A genome-wide association study of diffusion MRI brain scan data from nearly 44,000 individuals is published in Science this week, revealing common genetic variants that influence white matter microstructure and points to their role in a variety of conditions and diseases. White matter is critical for organizing distributed neural networks and enabling communication across brain regions. To investigate the role of genetics in white matter, a team led by scientists from the University of North Carolina at Chapel Hill performed a GWAS study and found 109 loci associated with white matter microstructure. A number of loci co-localized with brain diseases including glioma and stroke and genetic correlations are seen with white matter microstructure and 57 complex traits and diseases such as cognitive functions, cardiovascular risk factors, and various neurological and psychiatric diseases. The study, its authors write, "advances the understanding of the genetic architecture of white matter and its genetic links to a wide spectrum of clinical outcomes."

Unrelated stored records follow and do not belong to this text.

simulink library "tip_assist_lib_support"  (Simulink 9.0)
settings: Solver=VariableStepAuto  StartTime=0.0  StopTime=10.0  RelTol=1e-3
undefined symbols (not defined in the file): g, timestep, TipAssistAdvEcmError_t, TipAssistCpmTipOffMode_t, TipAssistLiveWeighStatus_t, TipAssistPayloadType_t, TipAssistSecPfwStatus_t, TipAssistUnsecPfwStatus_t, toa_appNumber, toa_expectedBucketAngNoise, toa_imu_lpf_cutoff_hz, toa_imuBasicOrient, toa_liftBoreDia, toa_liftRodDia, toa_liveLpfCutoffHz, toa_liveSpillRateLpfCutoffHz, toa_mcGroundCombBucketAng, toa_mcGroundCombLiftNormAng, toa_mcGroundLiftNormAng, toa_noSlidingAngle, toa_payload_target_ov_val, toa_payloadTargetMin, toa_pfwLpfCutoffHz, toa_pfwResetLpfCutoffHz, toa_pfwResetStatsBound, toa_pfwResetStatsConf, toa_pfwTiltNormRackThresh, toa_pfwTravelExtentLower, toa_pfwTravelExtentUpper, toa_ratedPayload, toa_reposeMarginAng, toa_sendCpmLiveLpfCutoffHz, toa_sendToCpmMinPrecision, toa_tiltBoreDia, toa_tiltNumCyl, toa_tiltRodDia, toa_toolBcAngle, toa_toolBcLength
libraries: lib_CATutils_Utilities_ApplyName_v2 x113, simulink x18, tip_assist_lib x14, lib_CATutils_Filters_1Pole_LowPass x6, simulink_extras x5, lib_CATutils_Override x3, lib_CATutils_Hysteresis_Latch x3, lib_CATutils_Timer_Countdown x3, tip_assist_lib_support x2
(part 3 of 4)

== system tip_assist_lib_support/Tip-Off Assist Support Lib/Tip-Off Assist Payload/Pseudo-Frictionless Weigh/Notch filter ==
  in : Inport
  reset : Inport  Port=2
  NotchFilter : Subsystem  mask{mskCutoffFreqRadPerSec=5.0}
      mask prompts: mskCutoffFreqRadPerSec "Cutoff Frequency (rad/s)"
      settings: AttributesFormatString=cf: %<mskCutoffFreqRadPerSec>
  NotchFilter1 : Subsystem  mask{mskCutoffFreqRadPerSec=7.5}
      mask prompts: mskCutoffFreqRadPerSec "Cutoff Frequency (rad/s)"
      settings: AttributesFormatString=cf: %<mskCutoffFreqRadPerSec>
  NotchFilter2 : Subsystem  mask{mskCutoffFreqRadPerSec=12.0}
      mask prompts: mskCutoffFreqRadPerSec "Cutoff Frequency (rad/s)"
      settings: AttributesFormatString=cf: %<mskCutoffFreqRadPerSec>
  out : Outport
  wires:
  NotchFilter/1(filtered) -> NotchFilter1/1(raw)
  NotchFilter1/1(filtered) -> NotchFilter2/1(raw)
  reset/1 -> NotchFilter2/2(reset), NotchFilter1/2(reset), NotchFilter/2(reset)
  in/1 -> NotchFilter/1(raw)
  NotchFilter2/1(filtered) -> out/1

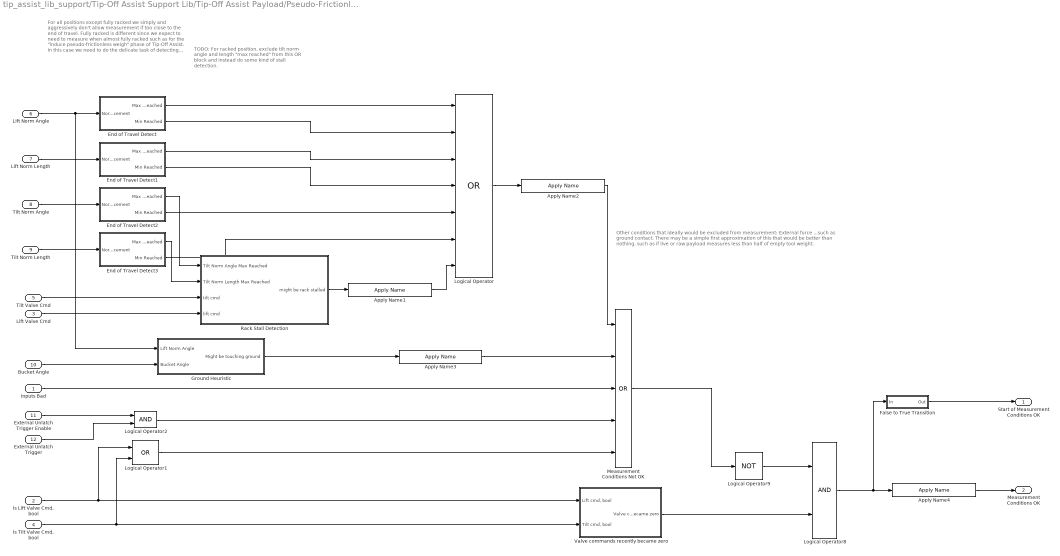
== system tip_assist_lib_support/Tip-Off Assist Support Lib/Tip-Off Assist Payload/Pseudo-Frictionless Weigh/Pseudo-Frictionless Weigh Common Measurement Conditions ==
  note: Other conditions that ideally would be excluded from measurement:
      |
      | External force
      | ...such as ground contact.  There may be a simple first approximation of this that would be better than nothing, such as if live or raw payload measures less than half of empty tool weight.
  note: TODO: For racked position, exclude tilt norm angle and length "max reached" from this OR block and instead do some kind of stall detection.
  note: For all positions except fully racked we simply and aggressively don't allow measurement if too close to the end of travel.
      |
      | Fully racked is different since we expect to need to measure when almost fully racked such as for the "induce pseudo-frictionless weigh" phase of Tip-Off Assist.  In this case we need to do the delicate task of detecting when we are definitely off the rack stops and not hitting the end of tilt cylinder stroke, even if we are close to either.
  Inputs Bad : Inport
  "Is Lift Valve Cmd, bool" : Inport  Port=2
  Lift Valve Cmd : Inport  Port=3
  "Is Tilt Valve Cmd, bool" : Inport  Port=4
  Tilt Valve Cmd : Inport  Port=5
  "Lift Norm Angle " : Inport  Port=6
  Lift Norm Length : Inport  Port=7
  Tilt Norm Angle : Inport  Port=8
  Tilt Norm Length : Inport  Port=9
  Bucket Angle : Inport  Port=10
  External Unlatch Trigger Enable : Inport  Port=11
  External Unlatch Trigger : Inport  Port=12
  Apply Name1 : lib_CATutils_Utilities_ApplyName_v2/Apply Name  sigLabel='toa_pfwMcMaybeRackStall'  enTst=true
  Apply Name2 : lib_CATutils_Utilities_ApplyName_v2/Apply Name  sigLabel='toa_pfwMcMaybeStalled'  enTst=true
  Apply Name3 : lib_CATutils_Utilities_ApplyName_v2/Apply Name  sigLabel='toa_pfwMcMaybeGrounded'  enTst=true
  Apply Name4 : lib_CATutils_Utilities_ApplyName_v2/Apply Name  sigLabel='toa_pfwMcOk'  enTst=true
  End of Travel Detect : Subsystem
  End of Travel Detect1 : Subsystem
  End of Travel Detect2 : Subsystem
  End of Travel Detect3 : Subsystem
  False to True Transition : Subsystem
  Ground Heuristic : Subsystem
  Logical Operator : Logic  Operator=OR  Inputs=7  AllPortsSameDT=off  OutDataTypeStr=boolean
  Logical Operator2 : Logic  AllPortsSameDT=off  OutDataTypeStr=boolean
  Logical Operator1 : Logic  Operator=OR
  Logical Operator8 : Logic
  Logical Operator9 : Logic  Operator=NOT
  Measurement Conditions Not OK : Logic  Operator=OR  Inputs=5  AllPortsSameDT=off  OutDataTypeStr=boolean
  Rack Stall Detection : Subsystem
  Valve commands recently became zero : Subsystem
  Start of Measurement Conditions OK : Outport
  Measurement Conditions OK : Outport  Port=2
  wires:
  False to True Transition/1(Out) -> Start of Measurement Conditions OK/1
  Logical Operator8/1 -> Apply Name4/1, False to True Transition/1(In)
  Inputs Bad/1 -> Measurement Conditions Not OK/3
  Logical Operator9/1 -> Logical Operator8/1
  "Is Lift Valve Cmd, bool"/1 -> Logical Operator1/1, Valve commands recently became zero/1("Lift cmd, bool")
  "Is Tilt Valve Cmd, bool"/1 -> Logical Operator1/2, Valve commands recently became zero/2("Tilt cmd, bool")
  Valve commands recently became zero/1(Valve cmd recently became zero) -> Logical Operator8/2
  Logical Operator/1 -> Apply Name2/1
  Logical Operator1/1 -> Measurement Conditions Not OK/5
  Measurement Conditions Not OK/1 -> Logical Operator9/1
  "Lift Norm Angle "/1 -> Ground Heuristic/1(Lift Norm Angle), End of Travel Detect/1(Normalized Displacement)
  Lift Norm Length/1 -> End of Travel Detect1/1(Normalized Displacement)
  Tilt Norm Angle/1 -> End of Travel Detect2/1(Normalized Displacement)
  End of Travel Detect/2(Min Reached) -> Logical Operator/2
  End of Travel Detect/1(Max Reached) -> Logical Operator/1
  End of Travel Detect1/2(Min Reached) -> Logical Operator/4
  End of Travel Detect1/1(Max Reached) -> Logical Operator/3
  End of Travel Detect2/2(Min Reached) -> Logical Operator/5
  Tilt Norm Length/1 -> End of Travel Detect3/1(Normalized Displacement)
  End of Travel Detect3/2(Min Reached) -> Logical Operator/6
  External Unlatch Trigger/1 -> Logical Operator2/2
  External Unlatch Trigger Enable/1 -> Logical Operator2/1
  Logical Operator2/1 -> Measurement Conditions Not OK/4
  Bucket Angle/1 -> Ground Heuristic/2(Bucket Angle)
  Ground Heuristic/1(Might be touching ground) -> Apply Name3/1
  End of Travel Detect2/1(Max Reached) -> Rack Stall Detection/1(Tilt Norm Angle Max Reached)
  End of Travel Detect3/1(Max Reached) -> Rack Stall Detection/2(Tilt Norm Length Max Reached)
  Tilt Valve Cmd/1 -> Rack Stall Detection/3(tilt cmd)
  Lift Valve Cmd/1 -> Rack Stall Detection/4(lift cmd)
  Rack Stall Detection/1(might be rack stalled) -> Apply Name1/1
  Apply Name4/1 -> Measurement Conditions OK/1
  Apply Name1/1 -> Logical Operator/7
  Apply Name2/1 -> Measurement Conditions Not OK/1
  Apply Name3/1 -> Measurement Conditions Not OK/2

== system tip_assist_lib_support/Tip-Off Assist Support Lib/Tip-Off Assist Payload/Pseudo-Frictionless Weigh/Racked ==
  note: Racking maxes out norm angle or length depending on on lift position. So if one of those is close to 1 we will assume we're racked.
  Tilt Norm Angle : Inport
  Tilt Norm Length : Inport  Port=2
  Add1 : Sum  Inputs=-+
  Data Type Conversion : DataTypeConversion  OutDataTypeStr=boolean
  Latched Point Hysteresis : lib_CATutils_Hysteresis_Latch/Latched Point Hysteresis  extBreakPoints=on  Min_Break_Point=-0.5  Max_Break_Point=0.5  extValues=off  Lo_Value=0  Hi_Value=1  Out_Mode=unused and invalid  Out_DataType=[]  Out_Scaling=[]  OutDataTypeStr=int8
  MinMax : MinMax  Function=max  Inputs=2
  "expected bucket angle noise amplitude, deg" : Constant  Value=toa_expectedBucketAngNoise  OutDataTypeStr=single  SampleTime=-1
  guessed typical ratio of tilt norm angle to bucket angle : Gain  Gain=0.0075
  min tilt norm angle to be considered racked : Constant  Value=toa_pfwTiltNormRackThresh  OutDataTypeStr=single  SampleTime=-1
  "Assume racked, bool" : Outport
  wires:
  Tilt Norm Angle/1 -> MinMax/1
  Data Type Conversion/1 -> "Assume racked, bool"/1
  "expected bucket angle noise amplitude, deg"/1 -> guessed typical ratio of tilt norm angle to bucket angle/1
  Add1/1 -> Latched Point Hysteresis/2
  Latched Point Hysteresis/1 -> Data Type Conversion/1
  min tilt norm angle to be considered racked/1 -> Add1/2, Latched Point Hysteresis/3
  guessed typical ratio of tilt norm angle to bucket angle/1 -> Add1/1
  Tilt Norm Length/1 -> MinMax/2
  MinMax/1 -> Latched Point Hysteresis/1

== system tip_assist_lib_support/Tip-Off Assist Support Lib/Tip-Off Assist Payload/Pseudo-Frictionless Weigh/Secure Latched Payload (resets to NaN) ==
  set : Inport
  reset : Inport  Port=2
  signal : Inport  Port=3
  Unit Delay : UnitDelay  InitialCondition=mskInitialOut  SampleTime=-1
      settings: AttributesFormatString=IC: %<X0>
  false : Constant  Value=mskInitialOut  OutDataTypeStr=Inherit: Inherit via back propagation  SampleTime=-1
  resetSwitch : Switch  Criteria=u2 ~= 0  InputSameDT=on
      settings: AttributesFormatString=%<Criteria>
  setSwitch : Switch  Criteria=u2 ~= 0  InputSameDT=on
      settings: AttributesFormatString=%<Criteria>
  out : Outport
  wires:
  reset/1 -> resetSwitch/2
  setSwitch/1 -> resetSwitch/3
  set/1 -> setSwitch/2
  false/1 -> resetSwitch/1
  signal/1 -> setSwitch/1
  resetSwitch/1 -> out/1, Unit Delay/1
  Unit Delay/1 -> setSwitch/3

== system tip_assist_lib_support/Tip-Off Assist Support Lib/Tip-Off Assist Payload/Pseudo-Frictionless Weigh/Secure Latched Standard Deviation (resets to inf) ==
  set : Inport
  reset : Inport  Port=2
  signal : Inport  Port=3
  Unit Delay : UnitDelay  InitialCondition=mskInitialOut  SampleTime=-1
      settings: AttributesFormatString=IC: %<X0>
  false : Constant  Value=mskInitialOut  OutDataTypeStr=Inherit: Inherit via back propagation  SampleTime=-1
  resetSwitch : Switch  Criteria=u2 ~= 0  InputSameDT=on
      settings: AttributesFormatString=%<Criteria>
  setSwitch : Switch  Criteria=u2 ~= 0  InputSameDT=on
      settings: AttributesFormatString=%<Criteria>
  out : Outport
  wires:
  Unit Delay/1 -> setSwitch/3
  resetSwitch/1 -> Unit Delay/1, out/1
  signal/1 -> setSwitch/1
  false/1 -> resetSwitch/1
  set/1 -> setSwitch/2
  setSwitch/1 -> resetSwitch/3
  reset/1 -> resetSwitch/2

== system tip_assist_lib_support/Tip-Off Assist Support Lib/Tip-Off Assist Payload/Pseudo-Frictionless Weigh/Secure Payload Latch State ==
  set : Inport
  reset : Inport  Port=2
  Unit Delay : UnitDelay  InitialCondition=mskInitialOut  SampleTime=-1
      settings: AttributesFormatString=IC: %<X0>
  false : Constant  Value=0  OutDataTypeStr=boolean
  resetSwitch : Switch  Criteria=u2 ~= 0  InputSameDT=on
      settings: AttributesFormatString=%<Criteria>
  setSwitch : Switch  Criteria=u2 ~= 0  InputSameDT=on
      settings: AttributesFormatString=%<Criteria>
  true : Constant  OutDataTypeStr=boolean
  out : Outport
  wires:
  Unit Delay/1 -> setSwitch/3
  resetSwitch/1 -> Unit Delay/1, out/1
  true/1 -> setSwitch/1
  false/1 -> resetSwitch/1
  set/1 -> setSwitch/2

A new system for controlled gene transfer at single-cell resolution using adeno-associated viral (AAV) vectors is reported in Science Advances this week. While the precise delivery of genetic information into target cells is vital for genetic engineering research, current methods for gene transfer into specific or single cells is limited by low throughput, complicated equipment, invasiveness, or off-target effects. To address this, University of Freiburg researchers created an AAV vector system that transfers genetic information into native target cells upon illumination with cell-compatible red light. Called OptoAAV, the approach is based on a genetically modified AAV vector modified and a light-responsive adapter protein that mediates selective interaction with a target cell. They show the system can enable adjustable and spatially resolved gene transfer down to single-cell resolution and is compatible with different cell lines and primary cells. Sequential application of multiple OptoAAVs also allows for spatially resolved transduction with different transgenes, and the modular nature of the system may allow it to serve as a blueprint for rendering further classes of viral vectors light-responsive, the scientists write.